[Dataset records]
□ □ □ □ □

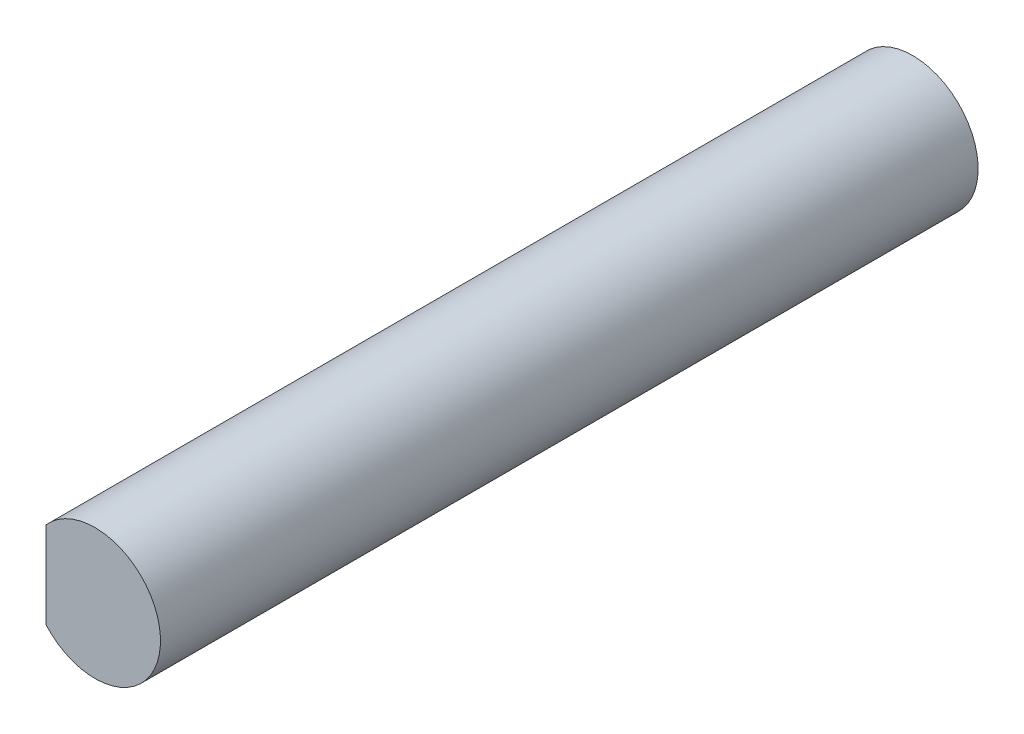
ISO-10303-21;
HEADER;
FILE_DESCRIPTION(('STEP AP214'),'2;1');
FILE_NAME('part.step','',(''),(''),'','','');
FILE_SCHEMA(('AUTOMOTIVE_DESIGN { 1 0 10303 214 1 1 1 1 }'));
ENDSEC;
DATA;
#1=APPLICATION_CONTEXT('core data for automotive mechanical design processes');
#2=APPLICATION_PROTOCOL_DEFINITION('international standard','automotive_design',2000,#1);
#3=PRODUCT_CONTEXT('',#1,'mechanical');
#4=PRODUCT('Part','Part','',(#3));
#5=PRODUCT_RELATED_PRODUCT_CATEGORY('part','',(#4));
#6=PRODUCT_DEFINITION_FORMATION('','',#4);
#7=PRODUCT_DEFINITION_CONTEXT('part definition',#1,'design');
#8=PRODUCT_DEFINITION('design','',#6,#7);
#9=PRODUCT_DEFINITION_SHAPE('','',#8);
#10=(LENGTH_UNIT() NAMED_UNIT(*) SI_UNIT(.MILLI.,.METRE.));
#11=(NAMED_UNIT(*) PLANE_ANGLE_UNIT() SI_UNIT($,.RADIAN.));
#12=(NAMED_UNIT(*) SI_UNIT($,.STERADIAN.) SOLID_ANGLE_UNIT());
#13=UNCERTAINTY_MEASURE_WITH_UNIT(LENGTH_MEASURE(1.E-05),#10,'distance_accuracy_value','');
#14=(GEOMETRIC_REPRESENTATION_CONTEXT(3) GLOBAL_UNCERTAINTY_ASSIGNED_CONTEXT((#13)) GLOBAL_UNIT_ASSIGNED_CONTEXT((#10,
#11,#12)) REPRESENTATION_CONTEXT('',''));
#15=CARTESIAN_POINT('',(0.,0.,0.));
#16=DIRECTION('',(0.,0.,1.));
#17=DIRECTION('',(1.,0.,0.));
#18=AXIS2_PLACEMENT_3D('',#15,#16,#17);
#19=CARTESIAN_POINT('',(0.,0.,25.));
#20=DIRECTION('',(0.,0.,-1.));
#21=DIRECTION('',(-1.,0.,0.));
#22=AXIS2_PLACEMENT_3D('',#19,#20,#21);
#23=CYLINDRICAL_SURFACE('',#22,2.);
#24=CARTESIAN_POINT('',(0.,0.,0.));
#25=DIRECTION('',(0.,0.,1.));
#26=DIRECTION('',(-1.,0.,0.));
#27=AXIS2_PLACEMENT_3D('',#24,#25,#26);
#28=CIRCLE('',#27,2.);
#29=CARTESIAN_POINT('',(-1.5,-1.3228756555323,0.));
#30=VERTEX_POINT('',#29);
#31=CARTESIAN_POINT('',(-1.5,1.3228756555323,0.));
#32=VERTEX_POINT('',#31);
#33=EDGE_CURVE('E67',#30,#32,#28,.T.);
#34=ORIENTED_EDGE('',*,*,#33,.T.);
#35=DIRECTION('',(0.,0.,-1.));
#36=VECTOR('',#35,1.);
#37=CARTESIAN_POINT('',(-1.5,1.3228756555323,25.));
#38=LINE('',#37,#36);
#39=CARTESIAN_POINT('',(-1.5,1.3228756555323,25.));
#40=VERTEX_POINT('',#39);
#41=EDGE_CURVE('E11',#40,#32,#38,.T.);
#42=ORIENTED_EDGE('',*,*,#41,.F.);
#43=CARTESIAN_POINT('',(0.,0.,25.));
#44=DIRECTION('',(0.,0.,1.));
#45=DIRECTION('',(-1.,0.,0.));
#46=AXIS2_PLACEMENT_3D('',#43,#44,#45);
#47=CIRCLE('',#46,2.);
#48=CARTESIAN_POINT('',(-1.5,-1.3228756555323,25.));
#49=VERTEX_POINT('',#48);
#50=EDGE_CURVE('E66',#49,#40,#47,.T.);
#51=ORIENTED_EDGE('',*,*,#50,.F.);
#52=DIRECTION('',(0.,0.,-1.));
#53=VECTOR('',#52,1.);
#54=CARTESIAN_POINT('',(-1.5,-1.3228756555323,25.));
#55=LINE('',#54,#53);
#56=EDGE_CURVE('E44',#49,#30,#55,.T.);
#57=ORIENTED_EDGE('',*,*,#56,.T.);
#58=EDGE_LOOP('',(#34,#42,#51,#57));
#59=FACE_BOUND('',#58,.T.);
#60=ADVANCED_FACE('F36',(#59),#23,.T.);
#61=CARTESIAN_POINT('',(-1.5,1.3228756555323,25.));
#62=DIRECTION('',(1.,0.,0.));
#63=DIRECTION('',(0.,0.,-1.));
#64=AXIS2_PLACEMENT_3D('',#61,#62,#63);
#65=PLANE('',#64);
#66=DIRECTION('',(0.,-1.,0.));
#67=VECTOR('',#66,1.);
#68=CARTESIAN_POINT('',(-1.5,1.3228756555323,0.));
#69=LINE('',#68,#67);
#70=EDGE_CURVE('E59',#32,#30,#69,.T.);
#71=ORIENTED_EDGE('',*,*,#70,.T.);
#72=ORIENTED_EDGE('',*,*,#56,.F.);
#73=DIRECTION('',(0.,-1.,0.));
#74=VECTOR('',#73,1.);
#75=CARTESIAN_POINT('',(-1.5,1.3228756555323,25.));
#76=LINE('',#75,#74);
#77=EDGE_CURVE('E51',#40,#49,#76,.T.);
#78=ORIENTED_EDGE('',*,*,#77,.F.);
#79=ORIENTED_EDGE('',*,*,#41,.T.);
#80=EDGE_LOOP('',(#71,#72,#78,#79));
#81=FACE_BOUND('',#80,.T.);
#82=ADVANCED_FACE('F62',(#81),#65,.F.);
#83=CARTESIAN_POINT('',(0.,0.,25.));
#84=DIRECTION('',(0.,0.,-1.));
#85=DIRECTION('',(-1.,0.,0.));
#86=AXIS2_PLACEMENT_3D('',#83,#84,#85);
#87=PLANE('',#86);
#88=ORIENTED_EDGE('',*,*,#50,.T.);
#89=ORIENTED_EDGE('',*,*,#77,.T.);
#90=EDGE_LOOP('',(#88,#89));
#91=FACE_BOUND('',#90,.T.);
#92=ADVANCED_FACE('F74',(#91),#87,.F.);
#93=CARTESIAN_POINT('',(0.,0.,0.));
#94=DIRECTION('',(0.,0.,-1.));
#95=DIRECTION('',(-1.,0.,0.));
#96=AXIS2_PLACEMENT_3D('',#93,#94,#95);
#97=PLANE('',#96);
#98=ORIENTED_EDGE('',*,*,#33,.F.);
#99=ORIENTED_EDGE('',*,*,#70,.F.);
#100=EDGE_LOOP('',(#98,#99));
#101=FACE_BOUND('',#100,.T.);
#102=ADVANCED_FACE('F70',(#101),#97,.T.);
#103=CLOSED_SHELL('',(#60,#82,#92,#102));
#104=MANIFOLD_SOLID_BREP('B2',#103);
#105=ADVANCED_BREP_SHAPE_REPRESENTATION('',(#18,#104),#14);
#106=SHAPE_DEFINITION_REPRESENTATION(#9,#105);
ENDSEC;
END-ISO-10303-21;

□ □ □ □ □

** Task directions **
From the line containing "#106=SHAPE_DEFINITION_REPRESENTATION(#9,#105);" to the last line of the data above, copy each line exactly and add nothing.

** Task output **
#106=SHAPE_DEFINITION_REPRESENTATION(#9,#105);
ENDSEC;
END-ISO-10303-21;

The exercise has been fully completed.